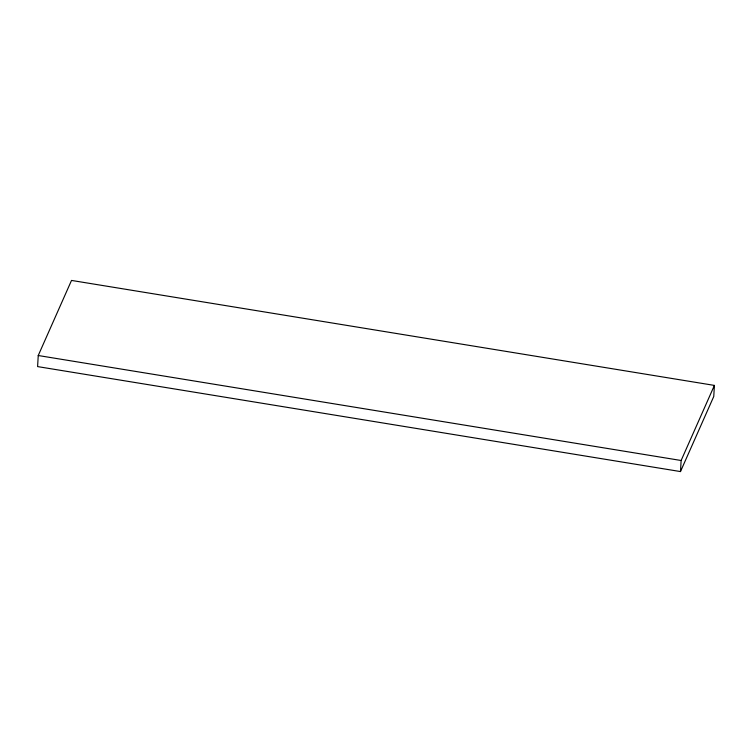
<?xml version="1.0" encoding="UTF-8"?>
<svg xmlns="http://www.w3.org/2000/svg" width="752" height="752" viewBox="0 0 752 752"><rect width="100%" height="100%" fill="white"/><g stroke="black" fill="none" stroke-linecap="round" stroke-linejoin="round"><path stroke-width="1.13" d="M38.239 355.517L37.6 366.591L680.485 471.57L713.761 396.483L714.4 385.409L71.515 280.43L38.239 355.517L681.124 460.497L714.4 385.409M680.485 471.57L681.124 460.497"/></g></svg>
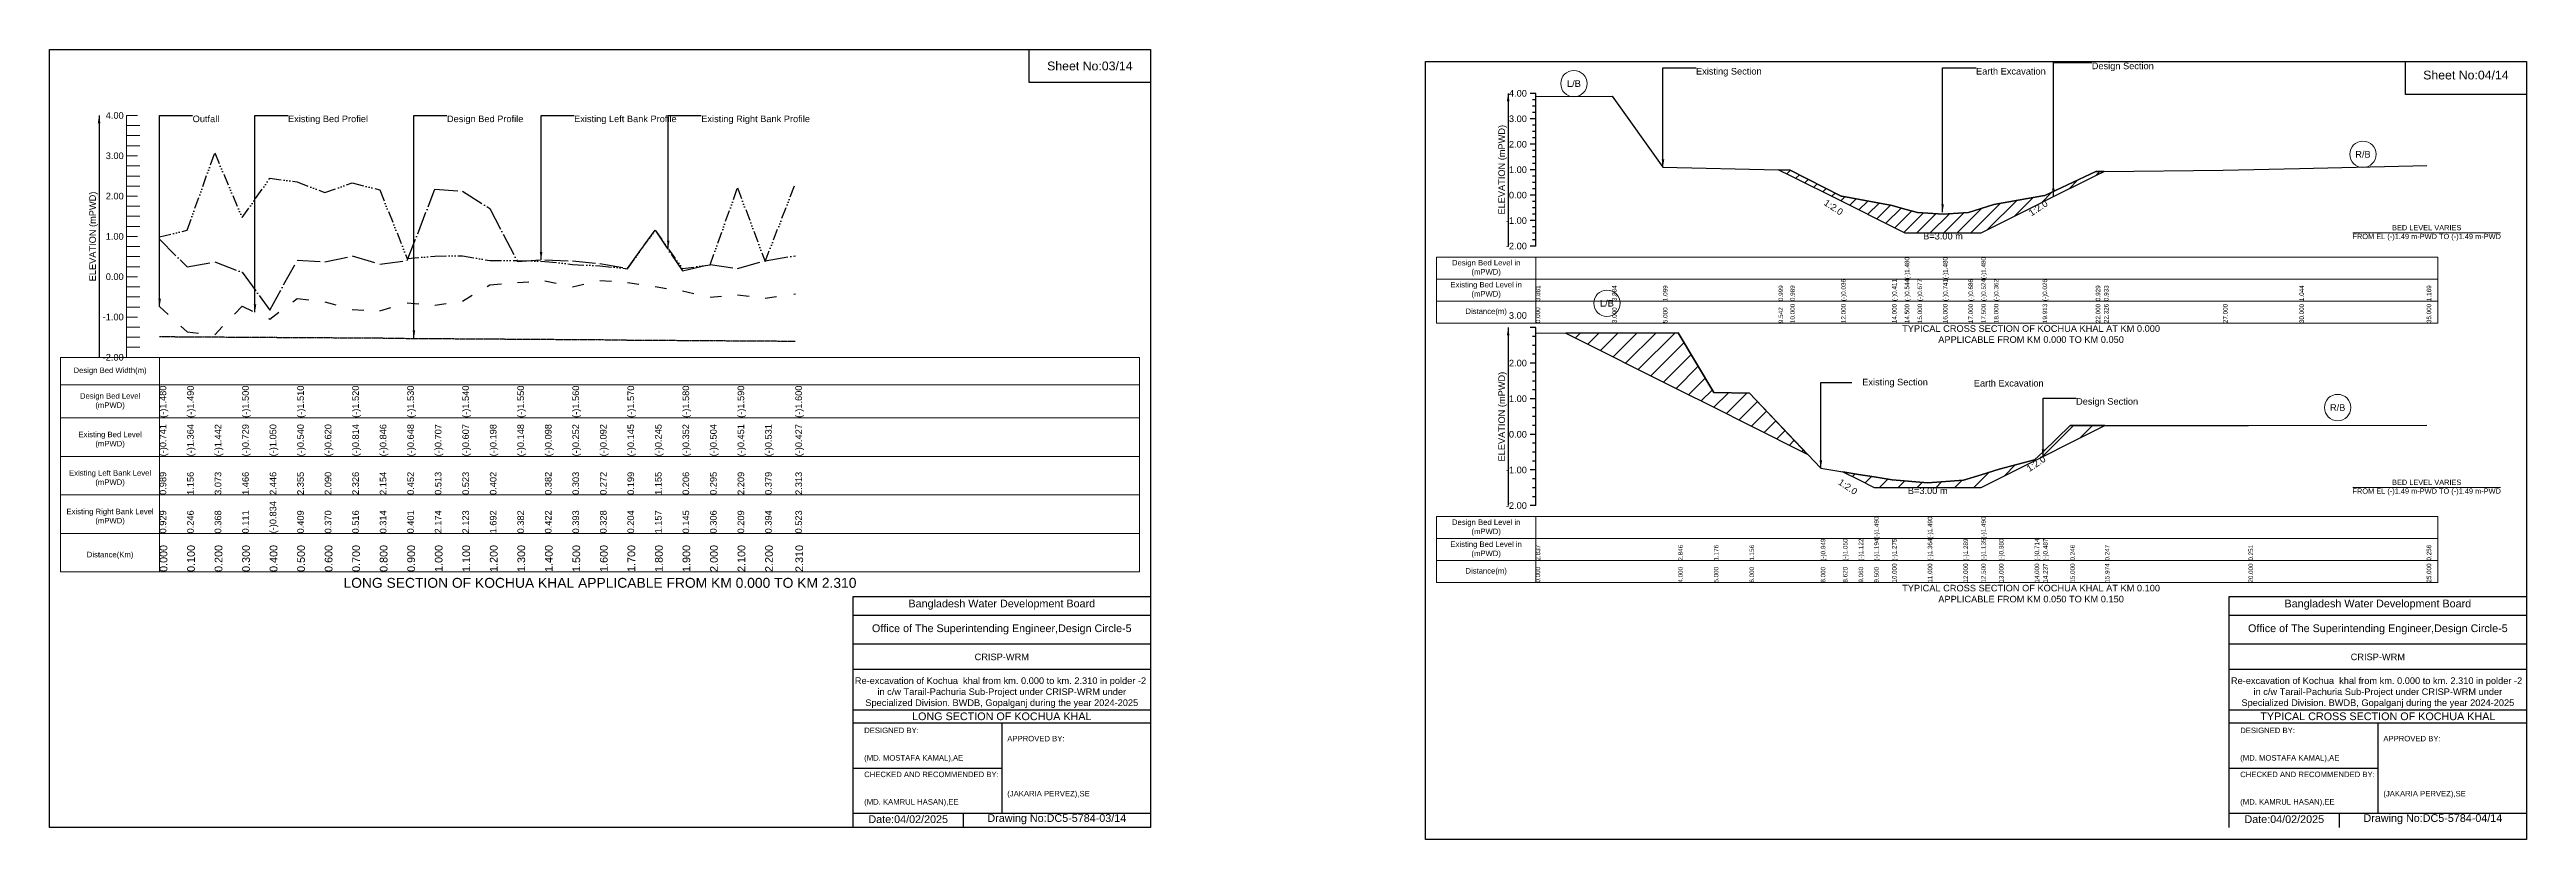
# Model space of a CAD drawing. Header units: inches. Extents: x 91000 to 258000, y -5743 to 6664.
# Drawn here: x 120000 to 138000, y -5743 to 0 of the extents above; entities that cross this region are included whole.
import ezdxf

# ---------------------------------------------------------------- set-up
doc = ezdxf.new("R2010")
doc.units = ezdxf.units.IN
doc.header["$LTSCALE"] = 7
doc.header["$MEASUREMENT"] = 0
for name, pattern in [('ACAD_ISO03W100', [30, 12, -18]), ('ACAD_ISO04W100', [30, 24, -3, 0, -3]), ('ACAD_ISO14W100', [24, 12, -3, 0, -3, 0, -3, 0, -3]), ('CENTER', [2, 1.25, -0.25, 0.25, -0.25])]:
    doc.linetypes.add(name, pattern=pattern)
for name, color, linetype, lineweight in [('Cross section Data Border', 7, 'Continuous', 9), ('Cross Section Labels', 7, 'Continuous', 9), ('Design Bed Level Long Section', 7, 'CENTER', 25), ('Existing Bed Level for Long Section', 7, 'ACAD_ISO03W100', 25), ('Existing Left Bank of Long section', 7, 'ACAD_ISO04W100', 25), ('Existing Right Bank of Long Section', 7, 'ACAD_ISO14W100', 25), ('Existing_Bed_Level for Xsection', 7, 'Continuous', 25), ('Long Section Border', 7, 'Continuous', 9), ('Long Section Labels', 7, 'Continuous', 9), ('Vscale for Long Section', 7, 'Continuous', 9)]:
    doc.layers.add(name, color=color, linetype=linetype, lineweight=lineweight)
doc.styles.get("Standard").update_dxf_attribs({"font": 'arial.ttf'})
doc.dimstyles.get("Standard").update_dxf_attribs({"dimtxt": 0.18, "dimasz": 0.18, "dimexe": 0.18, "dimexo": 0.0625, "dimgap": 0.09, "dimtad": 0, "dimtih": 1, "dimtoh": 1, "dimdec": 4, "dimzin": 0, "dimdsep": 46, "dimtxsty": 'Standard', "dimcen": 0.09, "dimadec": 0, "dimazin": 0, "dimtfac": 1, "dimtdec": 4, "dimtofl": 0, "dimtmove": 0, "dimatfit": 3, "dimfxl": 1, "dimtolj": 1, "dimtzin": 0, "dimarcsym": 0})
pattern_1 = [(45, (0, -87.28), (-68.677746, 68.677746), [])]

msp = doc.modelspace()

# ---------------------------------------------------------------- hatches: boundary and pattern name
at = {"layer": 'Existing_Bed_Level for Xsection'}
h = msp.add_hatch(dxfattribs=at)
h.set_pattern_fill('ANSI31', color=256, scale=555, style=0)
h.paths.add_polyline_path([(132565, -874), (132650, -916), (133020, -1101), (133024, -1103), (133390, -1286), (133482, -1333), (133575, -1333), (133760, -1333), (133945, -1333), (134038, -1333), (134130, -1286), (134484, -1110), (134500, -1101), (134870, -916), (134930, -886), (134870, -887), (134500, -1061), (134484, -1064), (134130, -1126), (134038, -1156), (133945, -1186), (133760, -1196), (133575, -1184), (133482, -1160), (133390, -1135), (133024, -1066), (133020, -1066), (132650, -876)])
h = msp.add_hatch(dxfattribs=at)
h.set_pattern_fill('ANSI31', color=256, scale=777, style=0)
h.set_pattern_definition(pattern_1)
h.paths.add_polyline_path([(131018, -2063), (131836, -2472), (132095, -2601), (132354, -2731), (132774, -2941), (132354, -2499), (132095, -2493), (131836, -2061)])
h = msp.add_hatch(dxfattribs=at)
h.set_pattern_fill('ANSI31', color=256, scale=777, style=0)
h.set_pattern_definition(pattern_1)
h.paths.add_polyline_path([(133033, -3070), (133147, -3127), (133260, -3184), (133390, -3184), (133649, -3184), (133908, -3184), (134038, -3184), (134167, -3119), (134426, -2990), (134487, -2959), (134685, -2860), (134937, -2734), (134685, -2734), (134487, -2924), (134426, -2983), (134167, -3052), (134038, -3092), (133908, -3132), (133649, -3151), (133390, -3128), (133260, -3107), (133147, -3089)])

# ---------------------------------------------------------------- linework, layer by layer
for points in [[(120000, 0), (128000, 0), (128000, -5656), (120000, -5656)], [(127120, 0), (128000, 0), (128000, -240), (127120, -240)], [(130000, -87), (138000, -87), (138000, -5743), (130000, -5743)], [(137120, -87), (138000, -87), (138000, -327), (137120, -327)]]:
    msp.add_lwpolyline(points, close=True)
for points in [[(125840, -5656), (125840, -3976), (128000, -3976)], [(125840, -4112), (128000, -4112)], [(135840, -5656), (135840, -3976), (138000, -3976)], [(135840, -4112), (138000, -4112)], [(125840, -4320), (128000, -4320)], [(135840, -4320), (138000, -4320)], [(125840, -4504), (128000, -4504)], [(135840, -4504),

--------------------------------

● Your objective: Pictures should be left out when the records above are restated exactly.

● Answer below:
<?xml version="1.0" encoding="UTF-8"?>
<svg xmlns="http://www.w3.org/2000/svg" width="752" height="752" viewBox="0 0 752 752"><rect width="100%" height="100%" fill="white"/><g stroke="black" fill="none" stroke-linecap="round" stroke-linejoin="round"><path stroke-width="1.13" d="M38.239 355.517L37.6 366.591L680.485 471.57L713.761 396.483L714.4 385.409L71.515 280.43L38.239 355.517L681.124 460.497L714.4 385.409M680.485 471.57L681.124 460.497"/></g></svg>
# Model space of a CAD drawing. Header units: inches. Extents: x 91000 to 258000, y -5743 to 6664.
# Drawn here: x 120000 to 138000, y -5743 to 0 of the extents above; entities that cross this region are included whole.
import ezdxf

# ---------------------------------------------------------------- set-up
doc = ezdxf.new("R2010")
doc.units = ezdxf.units.IN
doc.header["$LTSCALE"] = 7
doc.header["$MEASUREMENT"] = 0
for name, pattern in [('ACAD_ISO03W100', [30, 12, -18]), ('ACAD_ISO04W100', [30, 24, -3, 0, -3]), ('ACAD_ISO14W100', [24, 12, -3, 0, -3, 0, -3, 0, -3]), ('CENTER', [2, 1.25, -0.25, 0.25, -0.25])]:
    doc.linetypes.add(name, pattern=pattern)
for name, color, linetype, lineweight in [('Cross section Data Border', 7, 'Continuous', 9), ('Cross Section Labels', 7, 'Continuous', 9), ('Design Bed Level Long Section', 7, 'CENTER', 25), ('Existing Bed Level for Long Section', 7, 'ACAD_ISO03W100', 25), ('Existing Left Bank of Long section', 7, 'ACAD_ISO04W100', 25), ('Existing Right Bank of Long Section', 7, 'ACAD_ISO14W100', 25), ('Existing_Bed_Level for Xsection', 7, 'Continuous', 25), ('Long Section Border', 7, 'Continuous', 9), ('Long Section Labels', 7, 'Continuous', 9), ('Vscale for Long Section', 7, 'Continuous', 9)]:
    doc.layers.add(name, color=color, linetype=linetype, lineweight=lineweight)
doc.styles.get("Standard").update_dxf_attribs({"font": 'arial.ttf'})
doc.dimstyles.get("Standard").update_dxf_attribs({"dimtxt": 0.18, "dimasz": 0.18, "dimexe": 0.18, "dimexo": 0.0625, "dimgap": 0.09, "dimtad": 0, "dimtih": 1, "dimtoh": 1, "dimdec": 4, "dimzin": 0, "dimdsep": 46, "dimtxsty": 'Standard', "dimcen": 0.09, "dimadec": 0, "dimazin": 0, "dimtfac": 1, "dimtdec": 4, "dimtofl": 0, "dimtmove": 0, "dimatfit": 3, "dimfxl": 1, "dimtolj": 1, "dimtzin": 0, "dimarcsym": 0})
pattern_1 = [(45, (0, -87.28), (-68.677746, 68.677746), [])]

msp = doc.modelspace()

# ---------------------------------------------------------------- hatches: boundary and pattern name
at = {"layer": 'Existing_Bed_Level for Xsection'}
h = msp.add_hatch(dxfattribs=at)
h.set_pattern_fill('ANSI31', color=256, scale=555, style=0)
h.paths.add_polyline_path([(132565, -874), (132650, -916), (133020, -1101), (133024, -1103), (133390, -1286), (133482, -1333), (133575, -1333), (133760, -1333), (133945, -1333), (134038, -1333), (134130, -1286), (134484, -1110), (134500, -1101), (134870, -916), (134930, -886), (134870, -887), (134500, -1061), (134484, -1064), (134130, -1126), (134038, -1156), (133945, -1186), (133760, -1196), (133575, -1184), (133482, -1160), (133390, -1135), (133024, -1066), (133020, -1066), (132650, -876)])
h = msp.add_hatch(dxfattribs=at)
h.set_pattern_fill('ANSI31', color=256, scale=777, style=0)
h.set_pattern_definition(pattern_1)
h.paths.add_polyline_path([(131018, -2063), (131836, -2472), (132095, -2601), (132354, -2731), (132774, -2941), (132354, -2499), (132095, -2493), (131836, -2061)])
h = msp.add_hatch(dxfattribs=at)
h.set_pattern_fill('ANSI31', color=256, scale=777, style=0)
h.set_pattern_definition(pattern_1)
h.paths.add_polyline_path([(133033, -3070), (133147, -3127), (133260, -3184), (133390, -3184), (133649, -3184), (133908, -3184), (134038, -3184), (134167, -3119), (134426, -2990), (134487, -2959), (134685, -2860), (134937, -2734), (134685, -2734), (134487, -2924), (134426, -2983), (134167, -3052), (134038, -3092), (133908, -3132), (133649, -3151), (133390, -3128), (133260, -3107), (133147, -3089)])

# ---------------------------------------------------------------- linework, layer by layer
for points in [[(120000, 0), (128000, 0), (128000, -5656), (120000, -5656)], [(127120, 0), (128000, 0), (128000, -240), (127120, -240)], [(130000, -87), (138000, -87), (138000, -5743), (130000, -5743)], [(137120, -87), (138000, -87), (138000, -327), (137120, -327)]]:
    msp.add_lwpolyline(points, close=True)
for points in [[(125840, -5656), (125840, -3976), (128000, -3976)], [(125840, -4112), (128000, -4112)], [(135840, -5656), (135840, -3976), (138000, -3976)], [(135840, -4112), (138000, -4112)], [(125840, -4320), (128000, -4320)], [(135840, -4320), (138000, -4320)], [(125840, -4504), (128000, -4504)], [(135840, -4504),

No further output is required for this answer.